Now add the taro cubes, slat and turmeric. Cover with a lid till just cooked. Do not overcook as they will turn sticky.

Crush the badi lightly and add to the curry jsut before removing it from the flame.

Taro tends to absorb water and so does the lentil dumplings. So do not worry if there is any excess liquid remaining.

Serve at room temperature with steamed rice or even pakhala.

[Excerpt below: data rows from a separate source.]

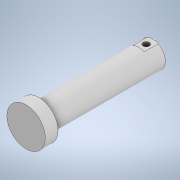
# Autodesk Inventor part: Trzemień
Saved by Autodesk Inventor 2022 (Build 260153000, 153)
## iProperties
Created: 2024-01-14
Part Number: Trzemień
Material: Generic
Document SubType Name: Modeling
Designer: mateu
Density: 1 g/cm^3
Appearance: Default
Author: mateu
Autodesk Inventor part; units mm, degrees
ref_plane "YZ Plane" through (0, 0, 0) normal (1, 0, 0) x (0, 1, 0)
ref_plane "XZ Plane" through (0, 0, 0) normal (0, 1, 0) x (-1, 0, 0)
ref_plane "XY Plane" through (0, 0, 0) normal (0, 0, 1) x (1, 0, 0)
sketch "Sketch1" plane through (0, 0, 0) normal (0, 0, 1) x (1, 0, 0)
  circle A0 centre (0, 0) radius 7.5
  constraints: 1 centre point, 1 coincident
extrude "Extrusion1" add sketch "Sketch1" along normal blind 5
sketch "Sketch2" plane through (0, 0, 0) normal (0, 0, -1) x (-1, 0, 0)
  circle A0 centre (0, 0) radius 5
  constraints: 1 centre point, 1 coincident
extrude "Extrusion2" add sketch "Sketch2" along normal blind 45
fillet "Fillet1" radius 0.5 1 edges at (5, 0, -45)
sketch "Sketch3" plane through (0, 0, -45) normal (0, 0, -1) x (-1, 0, 0)
  point P0 (0, 0)
sketch "Sketch4" plane through (0, 0, -45) normal (0, 0, -1) x (-1, 0, 0)
  line L0 (0, 4.5) -> (5, 4.5)
  line L1 (5, 4.5) -> (5, 5.5)
  line L2 (5, 5.5) -> (-5, 5.5)
  line L3 (-5, 5.5) -> (-5, 4.5)
  line L4 (-5, 4.5) -> (0, 4.5)
  circle A0 centre (0, 0) radius 4.5 projected
  constraints: 10 end point, 2 perpendicular, 1 horizontal, 1 point on line, 1 tangent
extrude "Extrusion3" cut sketch "Sketch4" against normal blind 6 contours L4 L3 L2 L1 L0
sketch "Sketch5" plane through (-2.1794, 4.5, -39) normal (0, 1, 0) x (1, 0, 0)
  point P0 (2.1794, -39)
  point P1 (2.1794, 6)
sketch "Sketch6" plane through (-2.1794, 4.5, -39) normal (0, 1, 0) x (1, 0, 0)
  point P0 (2.1794, -39)
sketch "Sketch7" plane through (-2.1794, 4.5, -39) normal (0, 1, 0) x (1, 0, 0)
  point P0 (2.1794, -39)
sketch "Sketch8" plane through (-2.1794, 4.5, -39) normal (0, 1, 0) x (1, 0, 0)
  point P0 (2.1794, -39)
  point P1 (2.1794, -3)
  point P2 (2.1794, -3)
  point P3 (2.1794, 3)
  constraints: 1 coincident
hole "Hole1" at (0, 4.5, -42) direction (0, -1, 0) diameter 2.459 depth 8.8 tip angle 118 thread size "M3x0.5" class "6H" standard "ISO Metric profile"
body "Solid1"

Wednesday, September 28, 2016

Kadali Chopa Patua ( Green Banana Peel Chutney )

Yet another testimony to the culinary prowess of the Odia woman of yore, this recipe is literally making the best out of waste. Much before the Masterchefs of the tech savy world took it upon themselves to invent a gastronomic masterpiece out of kitchen wastage (peels, seeds, leaves, etc), somebody had already incorporated the idea in a lip smacking dish. Today's recipe is a simple yet amazing dish made from the discarded peel of the raw bananas.

I remember tasting this heavenly dish prepared by my grandma's friend who used to make it on a 'sila' or 'silbatta'. She used to come to our house to pluck the green bananas right from the small grove in our backyard and in return, we got to sample some of her yummy creations. It was my Mom who learnt this recipe from her. Along with the peels, one can also use the very small bananas that are right at the bottom of the bunch.

It is tough to find such fresh vegetables when one does not possess a garden or a farm. But I prefer buying the green bananas from the local vendors instead of the supermarkets for best results. Try buying ones that have a uniform green color and are free from black spots or markings.

Read on for the recipe -

Preparation Time - 15 mins

Ingredients -

  • 1 raw banana ( we will use the peels for this recipe )
  • 1 small potato ( cut into thin long pieces )
  • 1/3 tsp mustard
  • 5 garlic cloves
  • 1 green chili
  • 1/4 tsp turmeric
  • 1 tsp mustard oil
  • salt to taste

Preparation - Peel the banana and soak the peels in a bowl of water to which a little turmeric has been added.

Grind the peel along with the mustard seeds, green chili and garlic into a smooth paste.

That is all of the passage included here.